§ **DATASET EXCERPTS**
BEGIN
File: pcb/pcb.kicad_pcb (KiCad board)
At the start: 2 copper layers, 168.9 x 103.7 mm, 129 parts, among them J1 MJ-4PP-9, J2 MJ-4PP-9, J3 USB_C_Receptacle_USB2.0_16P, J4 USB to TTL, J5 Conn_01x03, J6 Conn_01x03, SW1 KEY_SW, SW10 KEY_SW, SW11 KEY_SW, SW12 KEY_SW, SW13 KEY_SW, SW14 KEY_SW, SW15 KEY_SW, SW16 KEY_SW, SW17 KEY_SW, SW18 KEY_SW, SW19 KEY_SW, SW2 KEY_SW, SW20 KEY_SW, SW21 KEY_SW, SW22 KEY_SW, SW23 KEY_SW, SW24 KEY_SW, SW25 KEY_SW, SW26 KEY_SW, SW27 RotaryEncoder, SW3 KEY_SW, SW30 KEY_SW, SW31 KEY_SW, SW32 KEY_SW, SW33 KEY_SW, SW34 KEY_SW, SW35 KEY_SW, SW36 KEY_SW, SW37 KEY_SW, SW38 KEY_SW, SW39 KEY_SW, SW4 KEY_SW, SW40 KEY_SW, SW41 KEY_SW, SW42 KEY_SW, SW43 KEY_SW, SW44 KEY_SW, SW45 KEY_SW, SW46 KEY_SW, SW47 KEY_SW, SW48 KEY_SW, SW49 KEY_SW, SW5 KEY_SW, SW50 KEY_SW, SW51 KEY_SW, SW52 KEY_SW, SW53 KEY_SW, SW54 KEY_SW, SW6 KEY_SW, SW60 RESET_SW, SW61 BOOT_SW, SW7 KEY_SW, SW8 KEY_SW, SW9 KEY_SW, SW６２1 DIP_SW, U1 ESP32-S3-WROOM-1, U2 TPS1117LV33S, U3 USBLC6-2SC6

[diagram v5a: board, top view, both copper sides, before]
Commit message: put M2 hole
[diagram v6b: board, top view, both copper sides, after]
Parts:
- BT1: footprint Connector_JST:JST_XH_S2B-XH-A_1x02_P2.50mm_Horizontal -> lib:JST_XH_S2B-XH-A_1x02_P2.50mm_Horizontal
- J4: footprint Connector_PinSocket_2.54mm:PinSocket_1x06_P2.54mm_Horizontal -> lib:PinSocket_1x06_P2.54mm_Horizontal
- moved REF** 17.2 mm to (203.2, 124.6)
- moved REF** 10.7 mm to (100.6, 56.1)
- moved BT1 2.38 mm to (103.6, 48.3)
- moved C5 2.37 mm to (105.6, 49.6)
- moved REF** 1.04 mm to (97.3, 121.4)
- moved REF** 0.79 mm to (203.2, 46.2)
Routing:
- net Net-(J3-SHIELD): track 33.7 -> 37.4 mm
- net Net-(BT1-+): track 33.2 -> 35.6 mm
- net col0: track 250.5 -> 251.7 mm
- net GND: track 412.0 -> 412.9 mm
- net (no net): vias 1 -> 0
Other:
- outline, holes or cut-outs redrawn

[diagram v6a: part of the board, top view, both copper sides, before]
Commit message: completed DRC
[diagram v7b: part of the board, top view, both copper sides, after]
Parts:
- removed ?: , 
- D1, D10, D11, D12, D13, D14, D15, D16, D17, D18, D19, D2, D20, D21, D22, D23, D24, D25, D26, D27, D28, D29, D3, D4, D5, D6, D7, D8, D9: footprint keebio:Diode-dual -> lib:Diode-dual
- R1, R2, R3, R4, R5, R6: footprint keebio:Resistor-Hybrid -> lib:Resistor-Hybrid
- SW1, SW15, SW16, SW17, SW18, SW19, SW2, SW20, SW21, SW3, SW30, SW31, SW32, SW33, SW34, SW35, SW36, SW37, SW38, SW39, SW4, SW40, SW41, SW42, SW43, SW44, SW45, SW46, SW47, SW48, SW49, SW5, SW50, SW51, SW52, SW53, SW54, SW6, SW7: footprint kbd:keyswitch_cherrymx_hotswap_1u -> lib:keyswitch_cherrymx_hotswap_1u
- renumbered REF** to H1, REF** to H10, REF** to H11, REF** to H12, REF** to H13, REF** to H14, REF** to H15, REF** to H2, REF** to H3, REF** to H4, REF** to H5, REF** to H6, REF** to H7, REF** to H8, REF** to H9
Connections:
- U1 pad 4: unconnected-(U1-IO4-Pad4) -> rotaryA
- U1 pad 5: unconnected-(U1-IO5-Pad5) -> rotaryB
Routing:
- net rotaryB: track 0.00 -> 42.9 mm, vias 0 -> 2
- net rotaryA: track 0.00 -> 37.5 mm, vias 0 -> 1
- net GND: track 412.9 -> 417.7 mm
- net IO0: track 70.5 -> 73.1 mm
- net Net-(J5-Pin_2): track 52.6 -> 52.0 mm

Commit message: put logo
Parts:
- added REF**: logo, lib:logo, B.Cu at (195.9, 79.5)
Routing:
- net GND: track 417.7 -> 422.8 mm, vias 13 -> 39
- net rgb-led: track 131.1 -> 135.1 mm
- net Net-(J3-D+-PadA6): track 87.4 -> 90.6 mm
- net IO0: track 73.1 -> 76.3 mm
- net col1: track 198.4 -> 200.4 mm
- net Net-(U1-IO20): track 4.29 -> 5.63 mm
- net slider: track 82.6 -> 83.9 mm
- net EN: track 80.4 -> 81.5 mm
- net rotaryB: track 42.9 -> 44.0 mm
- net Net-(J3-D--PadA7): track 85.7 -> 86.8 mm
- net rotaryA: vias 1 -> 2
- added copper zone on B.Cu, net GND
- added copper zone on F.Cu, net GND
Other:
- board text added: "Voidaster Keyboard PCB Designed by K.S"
END
§ **ASSIGNMENT**
Check each line of the records for "view" and copy the ones that contain it.

§ **RESPONSE BOX**
[diagram v5a: board, top view, both copper sides, before]
[diagram v6b: board, top view, both copper sides, after]
[diagram v6a: part of the board, top view, both copper sides, before]
[diagram v7b: part of the board, top view, both copper sides, after]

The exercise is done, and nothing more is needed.